Alors d'abord je voudrais faire quelques propos liminaires sur le rapport à la nature, j'ai envie de dire, dans l'histoire.

    Si au fond on regarde l’histoire ancienne et si on devait par exemple s’en remettre aux textes sacrés des plus grandes religions, qu'il s'agisse du bouddhisme, de l'hindouisme, du confucianisme, du christianisme, de l'islam, voire aux religions qui ne sont pas celles des livres comme la religion animiste, au fond, on ne serait sans doute pas aux antipodes et dans toutes ces religions on trouverait un rapport de l'homme à la nature sans doute pas si éloigné que ça, avec une nature qui s'impose à l’homme, qui lui offre un certain nombre de bienfaits c'est l'évidence, la naissance, y compris des plantes bien sûr, la croissance mais aussi une nature qui impose, j’ai envie de dire, son rythme, ses événements, voilà, des épisodes de sécheresse, en passant par les tempêtes, en passant par les inondations avec leur cortège de conséquences pour l'humanité, la disette, parfois pire, la famine, les épidémies et finalement la mort. 

    J’ai envie de dire que pendant très longtemps finalement ce rapport de l'homme à la nature n’a sans doute pas été à des années-lumière selon qu'on était au Sud, au Nord, dans telle ou telle région du monde.

    Évidemment les choses ont changé à partir, on va dire, de la Renaissance et vont s'accélérer bien sûr à partir du XVIIIe et XIXe siècle.

    Depuis le siècle des Lumières et la Révolution rationaliste jusqu'aux révolutions positivistes et industrielles du XIXe siècle, très clairement le Nord va prendre une trajectoire particulière et va mettre la nature à son service ; ça a toujours été le cas mais elle va la mettre avec l’impression que la nature est sans limite, sans réserves.

Est-ce à dire pour autant que le Sud parce que, pendant ce temps-là, il n’a que très peu contribué ou participé à la dégradation de l'environnement, est-ce à dire que le Sud a eu un comportement vertueux ?

    Naturellement non. C'est davantage la conséquence d'un sous-développement, d'un non-développement, d'un mal développement et bien moins l’adhésion à un rapport beaucoup plus fort à la nature. 

    Et j'ai envie de dire, pendant toute l’ère coloniale et après l'ère coloniale, on verra le Sud finalement répliquer entre guillemets au développement du Nord, de façon beaucoup plus déséquilibrée bien sûr, mais avec des mêmes impératifs, nourrir une population, accumuler des richesses et avec somme toute un souci très limité de la nature.

C'est d'ailleurs à ce titre-là qu’on peut comprendre l’évolution des rapports entre le Nord et le Sud et j'en viens donc à cette question des rapports entre le Nord et le Sud.

Au fond, si tout le monde a été à peu près d'accord pour convenir que compte-tenu de la responsabilité historique du Nord, et bien il fallait que le Nord fasse le premier un effort et c'est ce qui en gros avait été entériné dans le cadre du protocole de Kyoto même si on sait ce qu'il en est advenu et même si on sait naturellement qu’un grand nombre de pays du Nord n'ont pas fait les efforts qu'on attendait, en tout cas à peu près tous ont acté leurs responsabilités de ce point de vue-là, il n'y a plus de doute par rapport au Sud en particulier.
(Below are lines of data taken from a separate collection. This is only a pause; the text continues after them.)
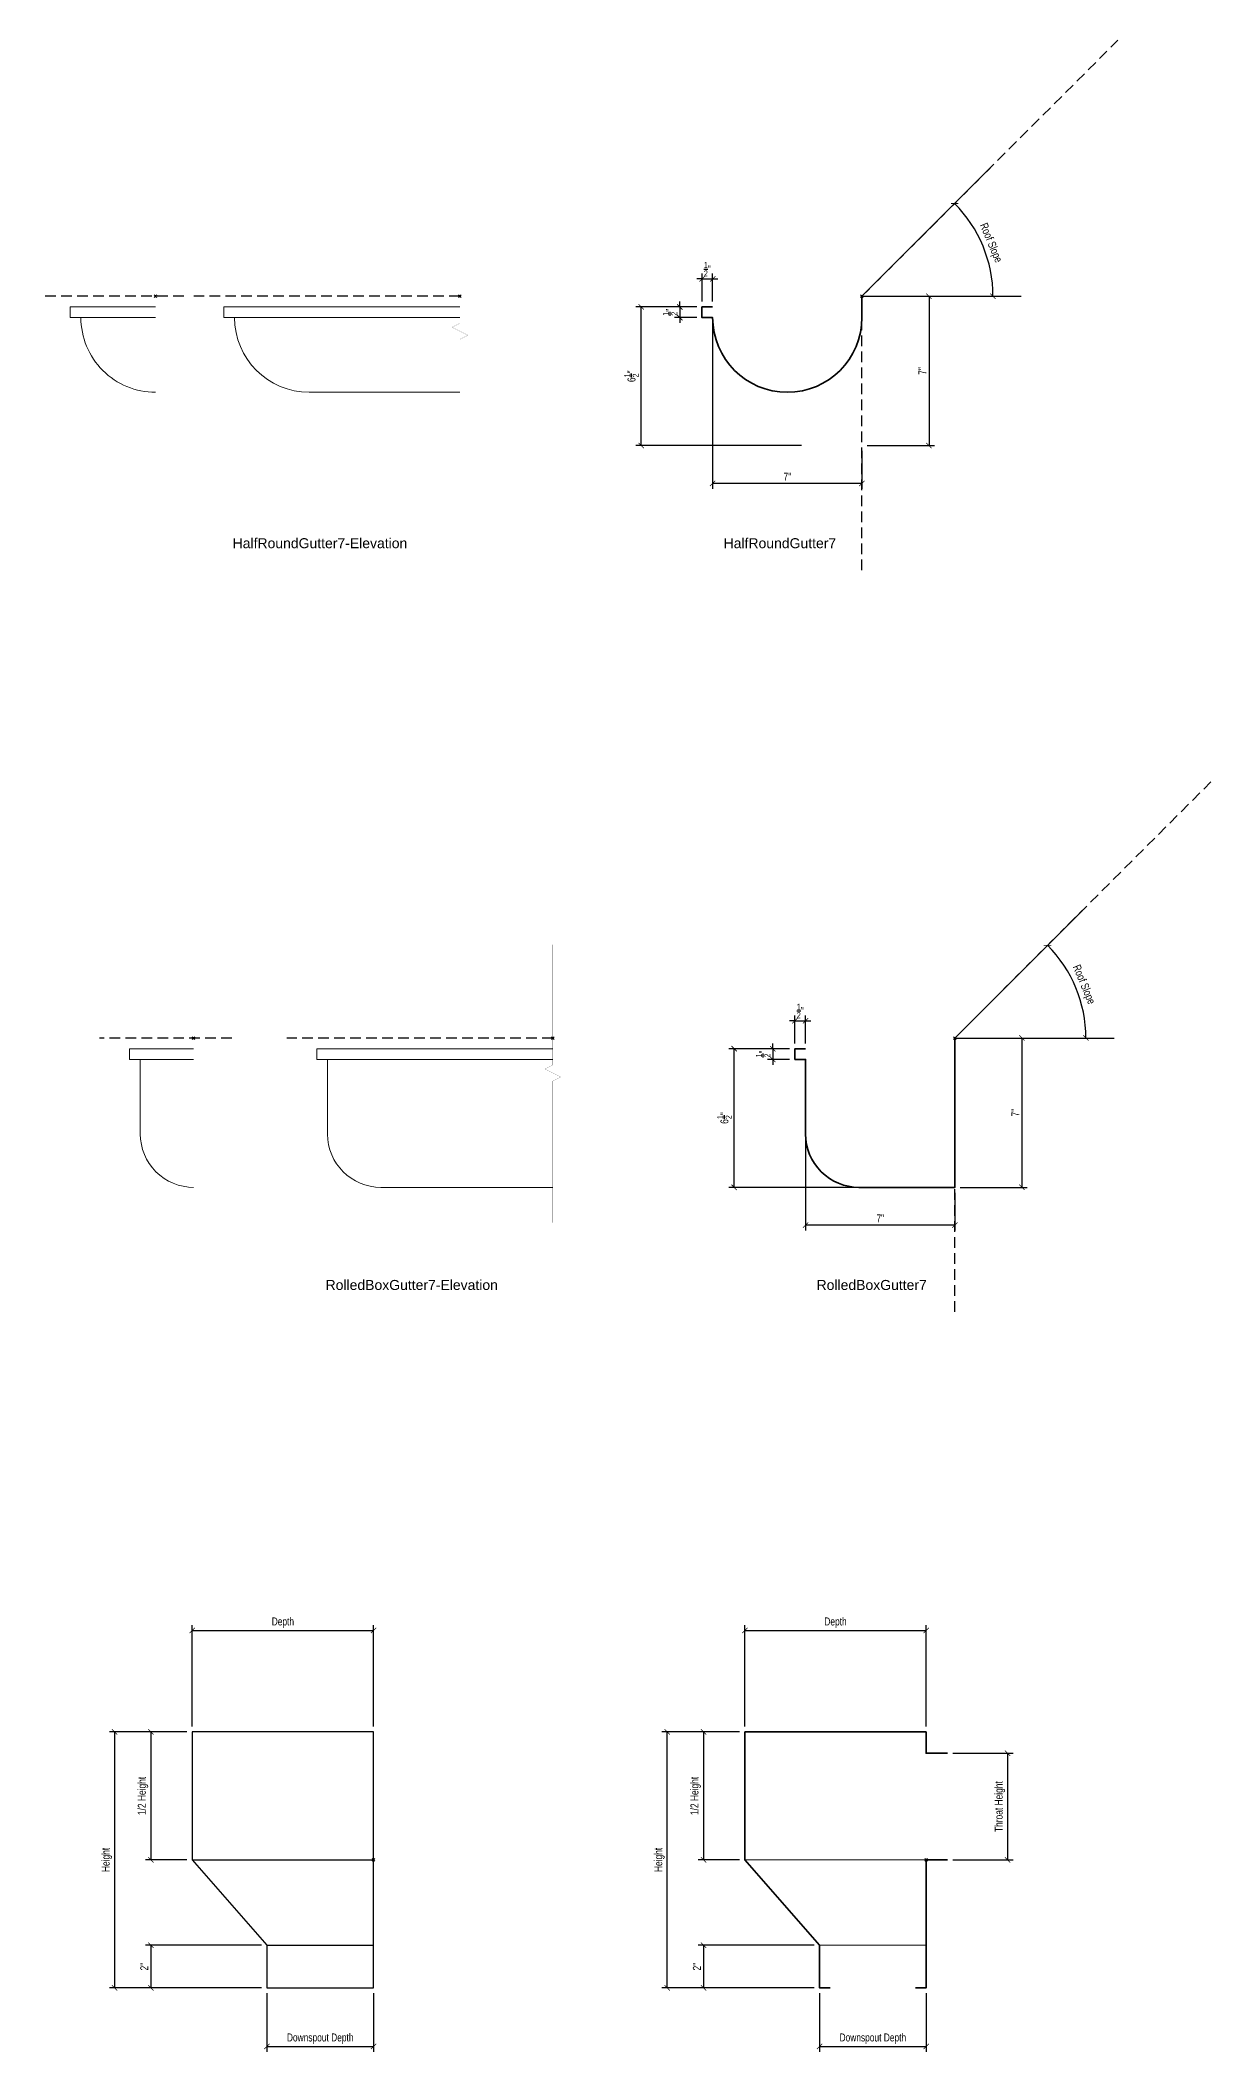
# Model space of a CAD drawing. Header units: inches. Extents: x 1550 to 1938, y 1113 to 1725.
# Drawn here: x 1727.2 to 1782.1, y 1409.5 to 1503.8 of the extents above; entities that cross this region are included whole.
import ezdxf
from ezdxf.enums import TextEntityAlignment as Align

# ---------------------------------------------------------------- set-up
doc = ezdxf.new("R2010")
doc.units = ezdxf.units.IN
doc.header["$LTSCALE"] = 4
doc.header["$MEASUREMENT"] = 0
doc.header["$PDMODE"] = 99
doc.header["$PDSIZE"] = 0.0625
doc.linetypes.add('HIDDEN2', pattern=[0.1875, 0.125, -0.0625])
doc.layers.get('Defpoints').update_dxf_attribs({"color": 121})
for name, color, linetype, lineweight in [('A-Anno-Dims', 211, 'Continuous', 25), ('A-Anno-Symb', 131, 'Continuous', 25), ('G-Anno-Ttlb', 213, 'Continuous', 50), ('Medm', 31, 'Continuous', 25), ('Patt', 190, 'Continuous', 18), ('SubStrate', 81, 'HIDDEN2', 25), ('Thin', 150, 'Continuous', 18), ('Wide', 212, 'Continuous', 35)]:
    doc.layers.add(name, color=color, linetype=linetype, lineweight=lineweight)
doc.layers.add('G-Anno-Nplt', color=140, linetype='Continuous', lineweight=18, plot=False)
doc.styles.add('Arch-Dim', font='arial.ttf', dxfattribs={"width": 0.75})
doc.styles.add('RomanS', font='romans.shx')
doc.dimstyles.new('Aec-Arch-I-3', dxfattribs={"dimscale": 4, "dimtxt": 0.09375, "dimasz": 0.0625, "dimexe": 0.0625, "dimexo": 0.0625, "dimgap": 0.03125, "dimtad": 1, "dimdec": 4, "dimzin": 3, "dimdsep": 46, "dimlunit": 4, "dimtxsty": 'Arch-Dim', "dimblk": 'ARCHTICK', "dimcen": 0.09375, "dimclrd": 8, "dimclre": 8, "dimazin": 2, "dimtfac": 0.75, "dimtdec": 4, "dimtix": 1, "dimtmove": 1, "dimatfit": 2, "dimldrblk": 'OPEN90', "dimfxl": 1, "dimtolj": 1, "dimtzin": 0, "dimarcsym": 0})

# ---------------------------------------------------------------- blocks, each defined once
blk = doc.blocks.new('Anno_Title_T2')
at = {"color": 0, "linetype": 'ByBlock', "lineweight": -2, "style": 'RomanS'}
blk.add_attdef('TITLE', (0, 0.5), '', height=1.25, dxfattribs=at)
blk.add_attdef('SCALE', text='', height=0.75, dxfattribs=at).set_placement((0, -0.5), align=Align.TOP_LEFT)
blk = doc.blocks.new('_ArchTick')
at = {"color": 0, "linetype": 'ByBlock', "const_width": 0.15}
blk.add_lwpolyline([(-0.5, -0.5), (0.5, 0.5)], dxfattribs=at)
blk = doc.blocks.new('*D274')
at = {"layer": 'A-Anno-Dims', "color": 8, "lineweight": -2, "transparency": 16777216}
blk.add_arc((1765.759, 1491.801), 6.145, 360, 45, dxfattribs=at)
at = {"layer": 'Defpoints', "color": 0, "transparency": 16777216}
for p in [(1777.759, 1503.801), (1771.695, 1493.391), (1765.759, 1491.801), (1765.759, 1491.801), (1773.23, 1491.801)]:
    blk.add_point(p, dxfattribs=at)
at = {"layer": 'A-Anno-Dims', "color": 8, "lineweight": -2, "transparency": 16777216, "xscale": 0.25, "yscale": 0.25, "zscale": 0.25}
for p, rotation in [((1770.104, 1496.146), 135.0000000000004), ((1771.904, 1491.801), 269.9999999999998)]:
    blk.add_blockref('_ArchTick', p, dxfattribs=dict(at, rotation=rotation))
at = {"layer": 'A-Anno-Dims', "color": 0, "transparency": 16777216, "insert": (1771.776, 1494.293), "char_height": 0.375, "attachment_point": 5, "rotation": 292.5, "style": 'Arch-Dim'}
blk.add_mtext('\\A1;Roof Slope', dxfattribs=at)
blk = doc.blocks.new('_Open90')
at = {"color": 0, "linetype": 'ByBlock', "lineweight": -2}
for p, q in [((0, 0), (-1, 0)), ((-0.5, 0.5), (0, 0)), ((0, 0), (-0.5, -0.5))]:
    blk.add_line(p, q, dxfattribs=at)
blk = doc.blocks.new('*D262')
at = {"layer": 'A-Anno-Dims', "color": 8, "lineweight": -2, "transparency": 16777216}
for p, q in [((1758.759, 1490.551), (1758.759, 1482.782)), ((1765.759, 1484.551), (1765.759, 1482.782)), ((1765.759, 1483.032), (1758.759, 1483.032))]:
    blk.add_line(p, q, dxfattribs=at)
at = {"layer": 'Defpoints', "color": 0, "transparency": 16777216}
for p in [(1758.759, 1490.801), (1765.759, 1484.801), (1758.759, 1483.032)]:
    blk.add_point(p, dxfattribs=at)
at = {"layer": 'A-Anno-Dims', "color": 8, "lineweight": -2, "transparency": 16777216, "xscale": 0.25, "yscale": 0.25, "zscale": 0.25, "rotation": 180}
blk.add_blockref('_ArchTick', (1758.759, 1483.032), dxfattribs=at)
at = {"layer": 'A-Anno-Dims', "color": 8, "lineweight": -2, "transparency": 16777216, "xscale": 0.25, "yscale": 0.25, "zscale": 0.25}
blk.add_blockref('_ArchTick', (1765.759, 1483.032), dxfattribs=at)
at = {"layer": 'A-Anno-Dims', "color": 0, "transparency": 16777216, "insert": (1762.259, 1483.345), "char_height": 0.375, "attachment_point": 5, "style": 'Arch-Dim'}
blk.add_mtext('\\A1;7"', dxfattribs=at)
blk = doc.blocks.new('*D263')
at = {"layer": 'A-Anno-Dims', "color": 8, "lineweight": -2, "transparency": 16777216}
for p, q in [((1766.009, 1491.801), (1769.154, 1491.801)), ((1768.904, 1491.801), (1768.904, 1484.801)), ((1766.009, 1484.801), (1769.154, 1484.801))]:
    blk.add_line(p, q, dxfattribs=at)
at = {"layer": 'Defpoints', "color": 0, "transparency": 16777216}
for p in [(1765.759, 1491.801), (1765.759, 1484.801), (1768.904, 1484.801)]:
    blk.add_point(p, dxfattribs=at)
at = {"layer": 'A-Anno-Dims', "color": 8, "lineweight": -2, "transparency": 16777216, "xscale": 0.25, "yscale": 0.25, "zscale": 0.25}
for p, rotation in [((1768.904, 1491.801), 90), ((1768.904, 1484.801), 270)]:
    blk.add_blockref('_ArchTick', p, dxfattribs=dict(at, rotation=rotation))
at = {"layer": 'A-Anno-Dims', "color": 0, "transparency": 16777216, "insert": (1768.592, 1488.301), "char_height": 0.375, "attachment_point": 5, "rotation": 90, "style": 'Arch-Dim'}
blk.add_mtext('\\A1;7"', dxfattribs=at)
blk = doc.blocks.new('*D264')
at = {"layer": 'A-Anno-Dims', "color": 8, "lineweight": -2, "transparency": 16777216}
for p, q in [((1758.009, 1491.301), (1755.158, 1491.301)), ((1755.408, 1484.801), (1755.408, 1491.301)), ((1762.922, 1484.801), (1755.158, 1484.801))]:
    blk.add_line(p, q, dxfattribs=at)
at = {"layer": 'Defpoints', "color": 0, "transparency": 16777216}
for p in [(1755.408, 1491.301), (1758.259, 1491.301), (1763.172, 1484.801)]:
    blk.add_point(p, dxfattribs=at)
at = {"layer": 'A-Anno-Dims', "color": 8, "lineweight": -2, "transparency": 16777216, "xscale": 0.25, "yscale": 0.25, "zscale": 0.25}
for p, rotation in [((1755.408, 1491.301), 90), ((1755.408, 1484.801), 270)]:
    blk.add_blockref('_ArchTick', p, dxfattribs=dict(at, rotation=rotation))
at = {"layer": 'A-Anno-Dims', "color": 0, "transparency": 16777216, "insert": (1754.951, 1488.051), "char_height": 0.375, "attachment_point": 5, "rotation": 90, "style": 'Arch-Dim'}
blk.add_mtext('\\A1;6{\\H0.750000x;\\S1/2;}"', dxfattribs=at)
blk = doc.blocks.new('*D275')
at = {"layer": 'A-Anno-Dims', "color": 8, "lineweight": -2, "transparency": 16777216}
for p, q in [((1758.259, 1492.613), (1758.009, 1492.613)), ((1758.259, 1491.551), (1758.259, 1492.863)), ((1758.259, 1492.613), (1758.759, 1492.613)), ((1758.759, 1491.551), (1758.759, 1492.863)), ((1758.759, 1492.613), (1759.009, 1492.613))]:
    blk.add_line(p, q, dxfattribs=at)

    Maintenant, il est bien évident à regarder le développement phénoménal de pays que j'évoquais toute à l'heure et en particulier d'Asie - la Chine, l'Inde -, il est bien évident que ces pays, compte-tenu d’un développement qui jusqu'à maintenant n'a pas lui-même pas vraiment été centré sur la préservation de la nature, il est bien évident qu'il faudra redéfinir et sans doute, ça va être l'objet des débats, y compris de la COP 21 qui va se tenir en fin d'année en France, à Paris, il est bien évident qu'il faudra redéfinir les responsabilités de chacun et qu'on ne pourra pas durablement trouver des accords qui comptent simplement sur le Nord, les efforts du Nord pour déboucher sur un développement durable. 

Il apparaît évident que c'est une ressource qui est désormais collective et elle l’est d'autant plus vis-à-vis en particulier de cette partie du Sud qui est restée très peu développé, parfois même à l’état d'extrême pauvreté y compris étendue d'ailleurs à des petites îles, à des petites îles-états par exemple d'Océanie face auxquelles, naturellement, nous devons trouver des solutions rapidement y compris au Sud, dans l'ancien Sud.